I don't believe a rust hole would be that perfectly round. My H does not have that oil line at all.


----------



## mjp9348 (Jun 9, 2014)

I appreciate the input , I honestly don't believe it should be there , I believe this is for oil pressure gauge because I can follow the line running out of the block and then a hard line to the block . I could be wrong .


----------



## Jerry4Truth (Jan 1, 2014)

I have helped my dad (a mechanic) overhaul several H's, I remember asking him thirty some years back, why the hole in the oil drip line was there. 
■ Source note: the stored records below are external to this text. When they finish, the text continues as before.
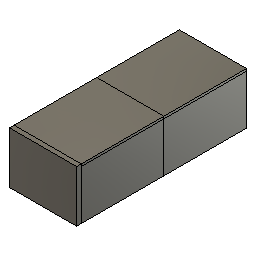
return_to_box_split (Autodesk Fusion 360 design; units mm, degrees)
Autodesk Fusion 360 part; units mm, degrees
sketch "Sketch1" plane through (0, 0, 0) normal (0, 0, 1) x (1, 0, 0)
  line L0 (0, 0) -> (117, 0)
  line L1 (117, 0) -> (117, 86)
  line L2 (117, 86) -> (0, 86)
  line L3 (0, 86) -> (0, 0)
  dimension "d1" = 86
  dimension "d2" = 117
  constraint horizontal L0
  constraint vertical L1
  constraint horizontal L2
  constraint vertical L3
  constraint coincident L0.start L3.end
  measures "d1" distance of L0.end L1.end
  measures "d2" distance of L0.start L0.end
extrude "Extrude1" add sketch "Sketch1" along normal blind 5 makes body 1
sketch "Sketch2" plane through (0, 0, 5) normal (0, 0, 1) x (1, 0, 0)
  line L0 (0, 86) -> (0, 0)
  line L1 (0, 0) -> (117, 0)
  line L2 (117, 0) -> (117, 86)
  line L3 (117, 86) -> (0, 86)
  line L4 (5, 86) -> (5, 5)
  line L5 (5, 5) -> (112, 5)
  line L6 (112, 5) -> (112, 86)
  dimension "d9" = 5
  dimension "d12" = 5
  dimension "d13" = 5
  constraint coincident L3 L4.start
  constraint perpendicular L3 L4
  constraint perpendicular L4 L5
  constraint coincident L3 L6.end
  constraint perpendicular L3 L6
  measures "d9" distance of L1 L5
  measures "d12" distance of L0 L4
  measures "d13" distance of L2 L6
extrude "Extrude2" add sketch "Sketch2" along normal blind 283 contours L0 L1 L2 L3 L4 L5 L6 bodies 1
copy_body "Body->Comp2" bodies 1 removing the originals makes body 2 in component "Shell"
ref_plane "WorkPlane1" through (0, 86, 0) normal (0, 1, 0) x (0, 0, 1) in component "Lid"
sketch "Sketch1 (2)" plane through (0, 86, 0) normal (0, 1, 0) x (1, 0, 0) in component "Lid"
  line L0 (0, 0) -> (117, 0)
  line L1 (117, 0) -> (117, -288)
  line L2 (117, -288) -> (0, -288)
  line L3 (0, -288) -> (0, 0)
  dimension "d125" = 117
  dimension "d126" = 288
  constraint horizontal L0
  constraint vertical L1
  constraint horizontal L2
  constraint vertical L3
  constraint coincident L0.start L3.end
  measures "d125" distance of L1.end L2.end
  measures "d126" distance of L0.end L1.end
extrude "Extrude1'" add sketch "Sketch1 (2)" along normal blind 4 separate body makes body 3 in component "Lid"
sketch "Sketch2 (2)" plane through (0, 86, 0) normal (0, -1, 0) x (1, 0, 0) in component "Lid"
  line L0 (117, 288) -> (0, 288)
  line L1 (0, 288) -> (0, 0)
  line L2 (0, 0) -> (117, 0)
  line L3 (117, 0) -> (117, 288)
  line L4 (5.1, 288) -> (111.9, 288)
  line L5 (111.9, 288) -> (111.9, 5.1)
  line L6 (111.9, 5.1) -> (5.1, 5.1)
  line L7 (5.1, 5.1) -> (5.1, 288)
  dimension "d130" = 5.1
  dimension "d131" = 5.1
  dimension "d132" = 5.1
  constraint horizontal L4
  constraint vertical L5
  constraint horizontal L6
  constraint vertical L7
  constraint collinear L0 L4
  measures "d130" distance of L1 L7
  measures "d131" distance of L3 L5
  measures "d132" distance of L2 L6
extrude "Extrude2'" add sketch "Sketch2 (2)" along normal blind 1 contours L0 L4 L5 L6 L7 bodies 3 in component "Lid"
ref_plane "WorkPlane1" through (0, 0, 288) normal (0, 0, 1) x (1, 0, 0) in component "Door"
sketch "Sketch1 (3)" plane through (0, 0, 288) normal (0, 0, 1) x (1, 0, 0) in component "Door"
  line L0 (0, 0) -> (117, 0)
  line L1 (117, 0) -> (117, 90)
  line L2 (117, 90) -> (0, 90)
  line L3 (0, 90) -> (0, 0)
  dimension "d136" = 117
  dimension "d137" = 90
  constraint horizontal L0
  constraint vertical L1
  constraint horizontal L2
  constraint vertical L3
  constraint coincident L0.start L3.end
  measures "d136" distance of L1.end L2.end
  measures "d137" distance of L0.end L1.end
extrude "Extrude1''" add sketch "Sketch1 (3)" along normal blind 8 separate body makes body 4 in component "Door"
sketch "Sketch2 (3)" plane through (0, 0, 288) normal (0, 0, -1) x (-1, 0, 0) in component "Door"
  line L0 (0, 0) -> (0, 90)
  line L1 (0, 90) -> (-117, 90)
  line L2 (-117, 90) -> (-117, 0)
  line L3 (-117, 0) -> (0, 0)
  line L4 (-106, 83) -> (-11, 83)
  line L5 (-11, 83) -> (-11, 8)
  line L6 (-11, 8) -> (-106, 8)
  line L7 (-106, 8) -> (-106, 83)
  dimension "d140" = 7
  dimension "d141" = 8
  dimension "d142" = 11
  dimension "d143" = 11
  constraint horizontal L4
  constraint vertical L5
  constraint horizontal L6
  constraint vertical L7
  measures "d140" distance of L1 L4
  measures "d141" distance of L3 L6
  measures "d142" distance of L0 L5
  measures "d143" distance of L2 L7
extrude "Extrude2''" add sketch "Sketch2 (3)" along normal blind 5 contours L4 L5 L6 L7 bodies 4 in component "Door"
ref_plane "WorkPlane1" through (0, 0, 6) normal (0, 0, 1) x (1, 0, 0) in component "Drawer"
sketch "Sketch1 (4)" plane through (0, 0, 6) normal (0, 0, 1) x (1, 0, 0) in component "Drawer"
  line L0 (5.5, 84) -> (111.5, 84)
  line L1 (111.5, 84) -> (111.5, 5)
  line L2 (111.5, 5) -> (5.5, 5)
  line L3 (5.5, 5) -> (5.5, 84)
  dimension "d147" = 5
  dimension "d148" = 79
  dimension "d149" = 5.5
  dimension "d150" = 106
  constraint horizontal L0
  constraint vertical L1
  constraint horizontal L2
  constraint vertical L3
  measures "d147" distance of origin L2
  measures "d148" distance of L0.start L2.end
  measures "d149" distance of origin L3
  measures "d150" distance of L0.start L0.end
extrude "Extrude1'''" add sketch "Sketch1 (4)" along normal blind 5 separate body makes body 5 in component "Drawer"
sketch "Sketch2 (4)" plane through (0, 0, 11) normal (0, 0, 1) x (1, 0, 0) in component "Drawer"
  line L0 (5.5, 5) -> (111.5, 5)
  line L1 (111.5, 5) -> (111.5, 84)
  line L2 (111.5, 84) -> (5.5, 84)
  line L3 (5.5, 84) -> (5.5, 5)
  line L4 (10.5, 84) -> (10.5, 8)
  line L5 (10.5, 8) -> (106.5, 8)
  line L6 (106.5, 8) -> (106.5, 84)
  dimension "d153" = 5
  dimension "d154" = 5
  dimension "d155" = 3
  constraint coincident L2 L4.start
  constraint perpendicular L2 L4
  constraint perpendicular L4 L5
  constraint coincident L2 L6.end
  constraint perpendicular L2 L6
  measures "d153" distance of L3 L4
  measures "d154" distance of L1 L6
  measures "d155" distance of L0 L5
extrude "Extrude2'''" add sketch "Sketch2 (4)" along normal blind 277 contours L0 L1 L2 L3 L4 L5 L6 bodies 5 in component "Drawer"
sketch "Sketch3" plane through (111.5, 0, 0) normal (1, 0, 0) x (0, 0, -1) in component "Drawer"
  line L0 (-6, 5) -> (-6, 84)
  line L1 (-6, 84) -> (-288, 84)
  line L2 (-288, 84) -> (-288, 5)
  line L3 (-288, 5) -> (-6, 5)
  line L4 (-258, 84) -> (-258, 49)
  line L5 (-258, 49) -> (-46, 49)
  line L6 (-46, 49) -> (-46, 82)
  line L7 (-46, 82) -> (-6, 82)
  dimension "d158" = 35
  dimension "d159" = 30
  dimension "d160" = 40
  dimension "d351" = 2
  constraint coincident L1 L4.start
  constraint perpendicular L1 L4
  constraint perpendicular L4 L5
  constraint coincident L0 L7.end
  constraint perpendicular L0 L7
  measures "d158" distance of L4.start L4.end
  measures "d159" distance of L2 L4
  measures "d160" distance of L0 L6
  measures "d351" distance of L1 L6.end
extrude "Extrude3" cut sketch "Sketch3" against normal blind 117 contours L0 L1 L4 L5 L6 L7 bodies 5 in component "Drawer"
fillet "Fillet1" radius 20 4 edges at (109, 49, 46) (8, 49, 46) (8, 49, 258) (109, 49, 258) on bodies 5 in component "Drawer"
fillet "Fillet2" radius 15 2 edges at (109, 84, 258) (8, 84, 258) on bodies 5 in component "Drawer"
fillet "Fillet2" radius 15 2 edges at (8, 82, 46) (109, 82, 46) on bodies 5 in component "Drawer"
sketch "Sketch5" plane through (0, 8, 0) normal (0, 1, 0) x (-1, 0, 0)
  line L0 (-106.5, 11) -> (-10.5, 11)
  line L1 (-10.5, 11) -> (-10.5, 288)
  line L2 (-10.5, 288) -> (-106.5, 288)
  line L3 (-106.5, 288) -> (-106.5, 11)
  line L4 (-10.5, 12.5) -> (-106.5, 12.5)
  line L5 (-10.5, 13.25) -> (-106.5, 13.25)
  dimension "d167" = 1.5
  dimension "d168" = 0.75
  constraint coincident L1 L4.start
  constraint coincident L3 L4.end
  constraint perpendicular L3 L4
  constraint coincident L1 L5.start
  constraint coincident L3 L5.end
  constraint perpendicular L3 L5
  measures "d167" distance of L0 L4
  measures "d168" distance of L4 L5
extrude "Extrude4" add sketch "Sketch5" along normal blind 0.4 contours L1 L3 L4 L5 bodies 5 in component "Drawer"
pattern_linear "R-Pattern1" count 100 spacing 2.7096 along (0, 0, 1) of "Extrude4" in component "Drawer"
sketch "Sketch6" plane through (0, 0, 11) normal (0, 0, 1) x (1, 0, 0)
  line L0 (106.5, 8) -> (106.5, 82)
  line L1 (10.5, 82) -> (10.5, 8)
  line L2 (10.5, 8) -> (106.5, 8)
  line L3 (40.5, 84) -> (40.5, 44)
  line L4 (40.5, 44) -> (76.5, 44)
  line L5 (76.5, 44) -> (76.5, 84)
  line L6 (106.5, 82) -> (10.5, 82)
  dimension "d175" = 30
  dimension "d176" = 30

Unfortunately I can't remember for sure exactly what his answer was. But I think it was that they had started putting it on there because at that end of the rocker shaft the excessive ware was indicating a lack of oil, so they solved the problem by putting a hole in the oil drip line over the valves. 

There was still plenty of oil for the valves and now the problem of lack of lubricant on the rocker shaft was solved. I don't remember if he said what year they started doing it or not but I would imagine it was within two or three years of first H production.


----------